:: Record excerpts

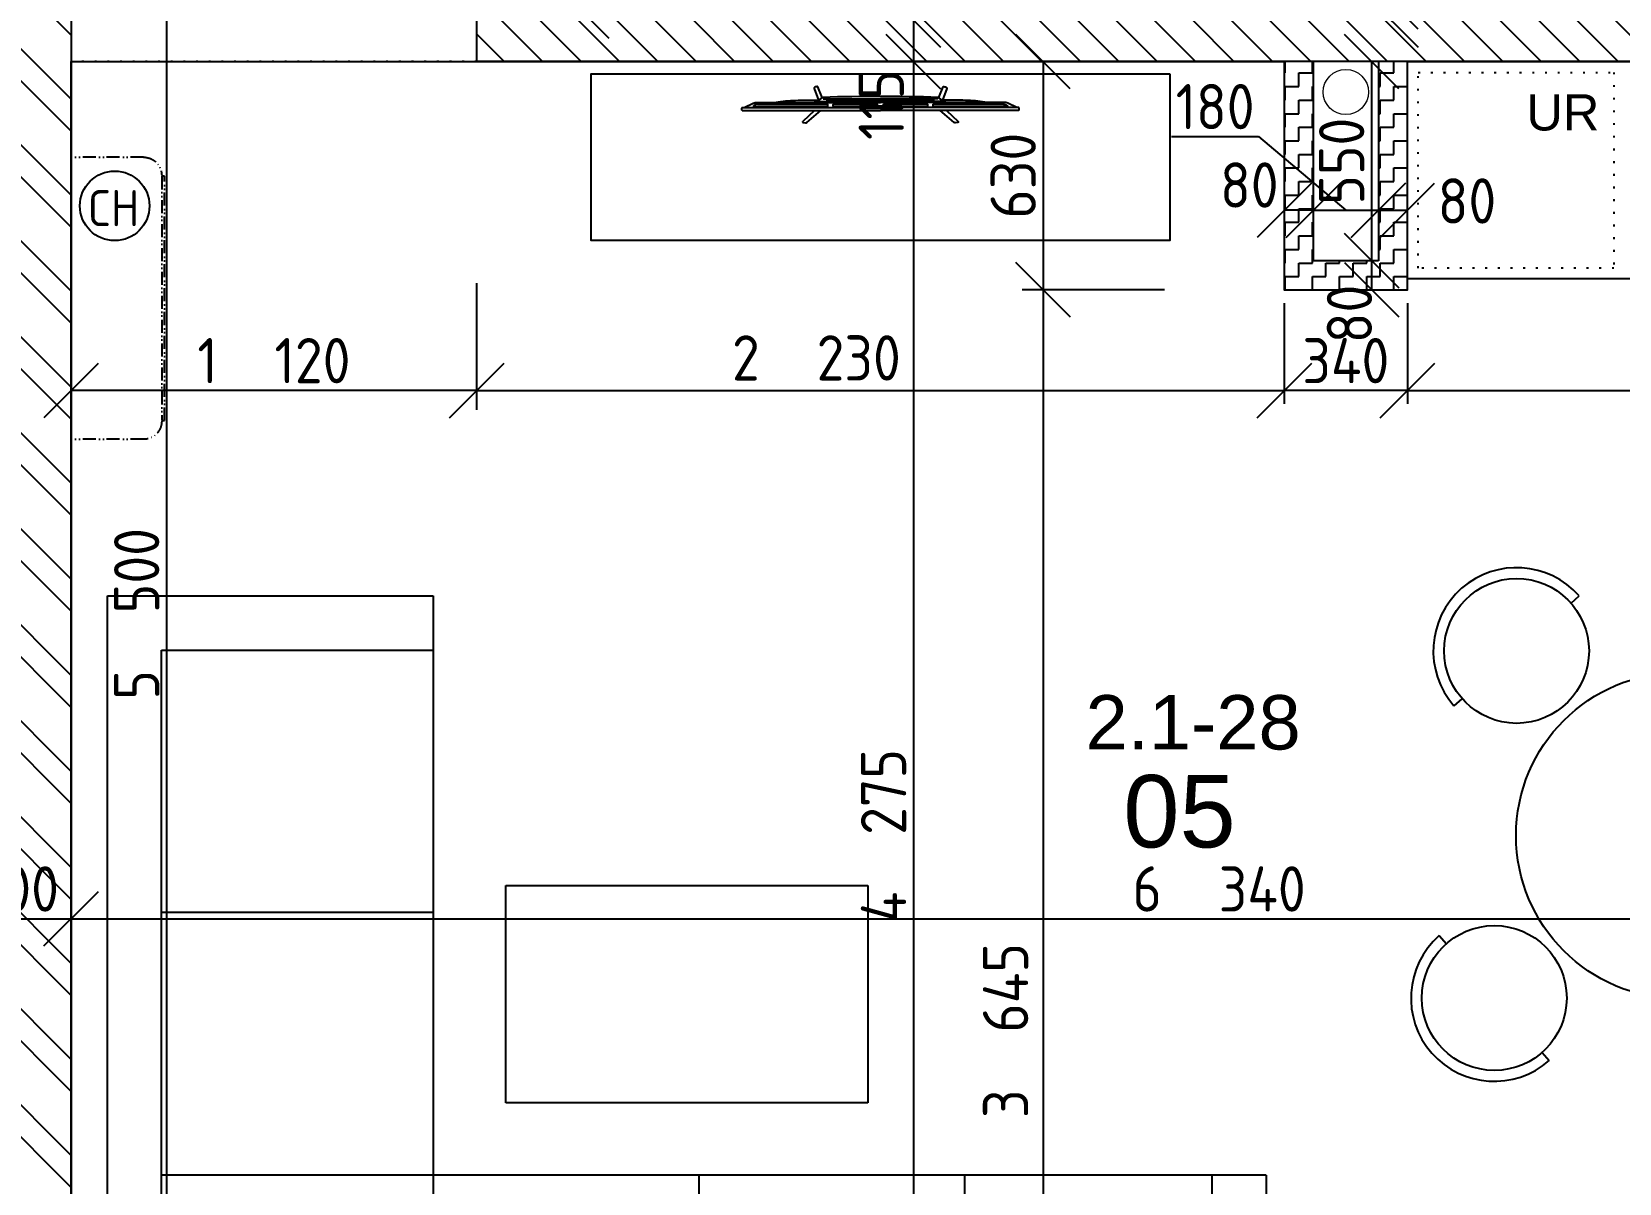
# Model space of a CAD drawing. Extents: x 4511820 to 5180432, y -1526536 to -944957.
# Drawn here: x 5020872 to 5025256, y -1256927 to -1253747 of the extents above; entities that cross this region are included whole.
import ezdxf

# ---------------------------------------------------------------- set-up
doc = ezdxf.new("R2010")
doc.units = 0
doc.header["$MEASUREMENT"] = 0
doc.linetypes.add('ACAD_ISO07W100', pattern=[3.5, 0.5, -3])
doc.linetypes.add('ACAD_ISO12W100', pattern=[22, 12, -3, 0.5, -3, 0.5, -3])
doc.layers.get('0').update_dxf_attribs({"linetype": 'CONTINUOUS'})
doc.layers.get('Defpoints').update_dxf_attribs({"color": 61, "linetype": 'CONTINUOUS'})
for name, color, linetype in [('KÓTY', 4, 'CONTINUOUS'), ('MÚRY', 1, 'CONTINUOUS'), ('Plochy', 41, 'CONTINUOUS'), ('POPIS', 7, 'CONTINUOUS'), ('TENKÁ', 7, 'CONTINUOUS'), ('ZARIADENIE', 47, 'CONTINUOUS'), ('ZARIADENIE1', 145, 'CONTINUOUS'), ('ZZ-chladenie', 133, 'CONTINUOUS'), ('ŠRAFY', 82, 'CONTINUOUS')]:
    doc.layers.add(name, color=color, linetype=linetype)
doc.layers.add('zz-kanal-splaskova', color=37, linetype='CONTINUOUS', lineweight=18)
doc.styles.add('ARIAL', font='arial.ttf')
doc.styles.add('STYLE1', font='isocp.shx')
doc.dimstyles.new('STANDARD-50', dxfattribs={"dimtxt": 125, "dimasz": 150, "dimexe": 10, "dimexo": 200, "dimgap": 20, "dimtad": 1, "dimdsep": 46, "dimlunit": 6, "dimtxsty": 'STYLE1', "dimblk1": 'OBLIQUE', "dimblk2": 'OBLIQUE', "dimsah": 1, "dimcen": 2.5, "dimse1": 1, "dimse2": 1, "dimadec": 0, "dimazin": 0, "dimtfac": 1, "dimtmove": 1, "dimatfit": 3, "dimldrblk": 'OBLIQUE', "dimfxl": 1, "dimtolj": 1, "dimtzin": 0, "dimarcsym": 0})

# ---------------------------------------------------------------- blocks, each defined once
blk = doc.blocks.new('_OBLIQUE')
at = {"color": 0, "linetype": 'ByBlock'}
blk.add_line((-0.5, -0.5), (0.5, 0.5), dxfattribs=at)
blk = doc.blocks.new('*D13936')
at = {"layer": 'Defpoints', "color": 0}
for p in [(4980571, -1255834.2), (5040921, -1255834.2), (5040921, -1261853.9)]:
    blk.add_point(p, dxfattribs=at)
at = {"layer": 'KÓTY', "color": 0, "lineweight": -2}
blk.add_line((4980571, -1261853.9), (5040921, -1261853.9), dxfattribs=at)
at = {"layer": 'KÓTY', "color": 0, "linetype": 'ByBlock', "lineweight": -2, "xscale": 150, "yscale": 150, "zscale": 150, "rotation": 180}
blk.add_blockref('_OBLIQUE', (4980571, -1261853.9), dxfattribs=at)
at = {"layer": 'KÓTY', "color": 0, "linetype": 'ByBlock', "lineweight": -2, "xscale": 150, "yscale": 150, "zscale": 150}
blk.add_blockref('_OBLIQUE', (5040921, -1261853.9), dxfattribs=at)
at = {"layer": 'KÓTY', "color": 0, "insert": (5010746, -1261771.4), "char_height": 125, "attachment_point": 5, "style": 'STYLE1'}
blk.add_mtext('\\A1;60ﾠ350', dxfattribs=at)
blk = doc.blocks.new('stol kruh')
at = {"layer": 'ZARIADENIE', "ltscale": 0.25}
for p, q in [((4441014, -1342243.9), (4441036.5, -1342224.1)), ((4441690.1, -1342287.3), (4441670.3, -1342264.8)), ((4440690.9, -1342527.6), (4440713.4, -1342507.8)), ((4441974.3, -1342610), (4441954.5, -1342587.5)), ((4440650.1, -1343161.8), (4440670, -1343184.3)), ((4441910.8, -1343263.8), (4441933.3, -1343244)), ((4440934.3, -1343484.5), (4440954.1, -1343507)), ((4441588.1, -1343548), (4441610.6, -1343528.2))]:
    blk.add_line(p, q, dxfattribs=at)
for centre, radius in [((4440863.7, -1342375.8), 200), ((4441822.3, -1342437.4), 200), ((4441312.2, -1342885.9), 450), ((4440802.1, -1343334.4), 200), ((4441760.7, -1343396), 200)]:
    blk.add_circle(centre, radius, dxfattribs=at)
for centre, start, end in [((4440863.7, -1342375.8), 41.2828, 221.2828), ((4441822.3, -1342437.4), 311.3675, 131.3675), ((4440802.1, -1343334.4), 131.3675, 311.3675), ((4441760.7, -1343396), 221.3675, 41.3675)]:
    blk.add_arc(centre, 230, start, end, dxfattribs=at)
blk = doc.blocks.new('sedacka rok 5')
at = {"layer": 'ZARIADENIE', "color": 30, "ltscale": 0.25}
for p, q in [((4452479, -1340180.2), (4452479, -1342480.2)), ((4452479, -1340180.2), (4453379, -1340180.2)), ((4453379, -1343380.2), (4453379, -1340180.2)), ((4452479, -1340330.2), (4453229, -1340330.2)), ((4453229, -1343230.2), (4453229, -1340330.2)), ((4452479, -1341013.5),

::::

### Instructions to follow:
Every line above should be returned exactly; the pictures stay out.

### Solution to the exercise:
# Model space of a CAD drawing. Extents: x 4511820 to 5180432, y -1526536 to -944957.
# Drawn here: x 5020872 to 5025256, y -1256927 to -1253747 of the extents above; entities that cross this region are included whole.
import ezdxf

# ---------------------------------------------------------------- set-up
doc = ezdxf.new("R2010")
doc.units = 0
doc.header["$MEASUREMENT"] = 0
doc.linetypes.add('ACAD_ISO07W100', pattern=[3.5, 0.5, -3])
doc.linetypes.add('ACAD_ISO12W100', pattern=[22, 12, -3, 0.5, -3, 0.5, -3])
doc.layers.get('0').update_dxf_attribs({"linetype": 'CONTINUOUS'})
doc.layers.get('Defpoints').update_dxf_attribs({"color": 61, "linetype": 'CONTINUOUS'})
for name, color, linetype in [('KÓTY', 4, 'CONTINUOUS'), ('MÚRY', 1, 'CONTINUOUS'), ('Plochy', 41, 'CONTINUOUS'), ('POPIS', 7, 'CONTINUOUS'), ('TENKÁ', 7, 'CONTINUOUS'), ('ZARIADENIE', 47, 'CONTINUOUS'), ('ZARIADENIE1', 145, 'CONTINUOUS'), ('ZZ-chladenie', 133, 'CONTINUOUS'), ('ŠRAFY', 82, 'CONTINUOUS')]:
    doc.layers.add(name, color=color, linetype=linetype)
doc.layers.add('zz-kanal-splaskova', color=37, linetype='CONTINUOUS', lineweight=18)
doc.styles.add('ARIAL', font='arial.ttf')
doc.styles.add('STYLE1', font='isocp.shx')
doc.dimstyles.new('STANDARD-50', dxfattribs={"dimtxt": 125, "dimasz": 150, "dimexe": 10, "dimexo": 200, "dimgap": 20, "dimtad": 1, "dimdsep": 46, "dimlunit": 6, "dimtxsty": 'STYLE1', "dimblk1": 'OBLIQUE', "dimblk2": 'OBLIQUE', "dimsah": 1, "dimcen": 2.5, "dimse1": 1, "dimse2": 1, "dimadec": 0, "dimazin": 0, "dimtfac": 1, "dimtmove": 1, "dimatfit": 3, "dimldrblk": 'OBLIQUE', "dimfxl": 1, "dimtolj": 1, "dimtzin": 0, "dimarcsym": 0})

# ---------------------------------------------------------------- blocks, each defined once
blk = doc.blocks.new('_OBLIQUE')
at = {"color": 0, "linetype": 'ByBlock'}
blk.add_line((-0.5, -0.5), (0.5, 0.5), dxfattribs=at)
blk = doc.blocks.new('*D13936')
at = {"layer": 'Defpoints', "color": 0}
for p in [(4980571, -1255834.2), (5040921, -1255834.2), (5040921, -1261853.9)]:
    blk.add_point(p, dxfattribs=at)
at = {"layer": 'KÓTY', "color": 0, "lineweight": -2}
blk.add_line((4980571, -1261853.9), (5040921, -1261853.9), dxfattribs=at)
at = {"layer": 'KÓTY', "color": 0, "linetype": 'ByBlock', "lineweight": -2, "xscale": 150, "yscale": 150, "zscale": 150, "rotation": 180}
blk.add_blockref('_OBLIQUE', (4980571, -1261853.9), dxfattribs=at)
at = {"layer": 'KÓTY', "color": 0, "linetype": 'ByBlock', "lineweight": -2, "xscale": 150, "yscale": 150, "zscale": 150}
blk.add_blockref('_OBLIQUE', (5040921, -1261853.9), dxfattribs=at)
at = {"layer": 'KÓTY', "color": 0, "insert": (5010746, -1261771.4), "char_height": 125, "attachment_point": 5, "style": 'STYLE1'}
blk.add_mtext('\\A1;60ﾠ350', dxfattribs=at)
blk = doc.blocks.new('stol kruh')
at = {"layer": 'ZARIADENIE', "ltscale": 0.25}
for p, q in [((4441014, -1342243.9), (4441036.5, -1342224.1)), ((4441690.1, -1342287.3), (4441670.3, -1342264.8)), ((4440690.9, -1342527.6), (4440713.4, -1342507.8)), ((4441974.3, -1342610), (4441954.5, -1342587.5)), ((4440650.1, -1343161.8), (4440670, -1343184.3)), ((4441910.8, -1343263.8), (4441933.3, -1343244)), ((4440934.3, -1343484.5), (4440954.1, -1343507)), ((4441588.1, -1343548), (4441610.6, -1343528.2))]:
    blk.add_line(p, q, dxfattribs=at)
for centre, radius in [((4440863.7, -1342375.8), 200), ((4441822.3, -1342437.4), 200), ((4441312.2, -1342885.9), 450), ((4440802.1, -1343334.4), 200), ((4441760.7, -1343396), 200)]:
    blk.add_circle(centre, radius, dxfattribs=at)
for centre, start, end in [((4440863.7, -1342375.8), 41.2828, 221.2828), ((4441822.3, -1342437.4), 311.3675, 131.3675), ((4440802.1, -1343334.4), 131.3675, 311.3675), ((4441760.7, -1343396), 221.3675, 41.3675)]:
    blk.add_arc(centre, 230, start, end, dxfattribs=at)
blk = doc.blocks.new('sedacka rok 5')
at = {"layer": 'ZARIADENIE', "color": 30, "ltscale": 0.25}
for p, q in [((4452479, -1340180.2), (4452479, -1342480.2)), ((4452479, -1340180.2), (4453379, -1340180.2)), ((4453379, -1343380.2), (4453379, -1340180.2)), ((4452479, -1340330.2), (4453229, -1340330.2)), ((4453229, -1343230.2), (4453229, -1340330.2)), ((4452479, -1341013.5),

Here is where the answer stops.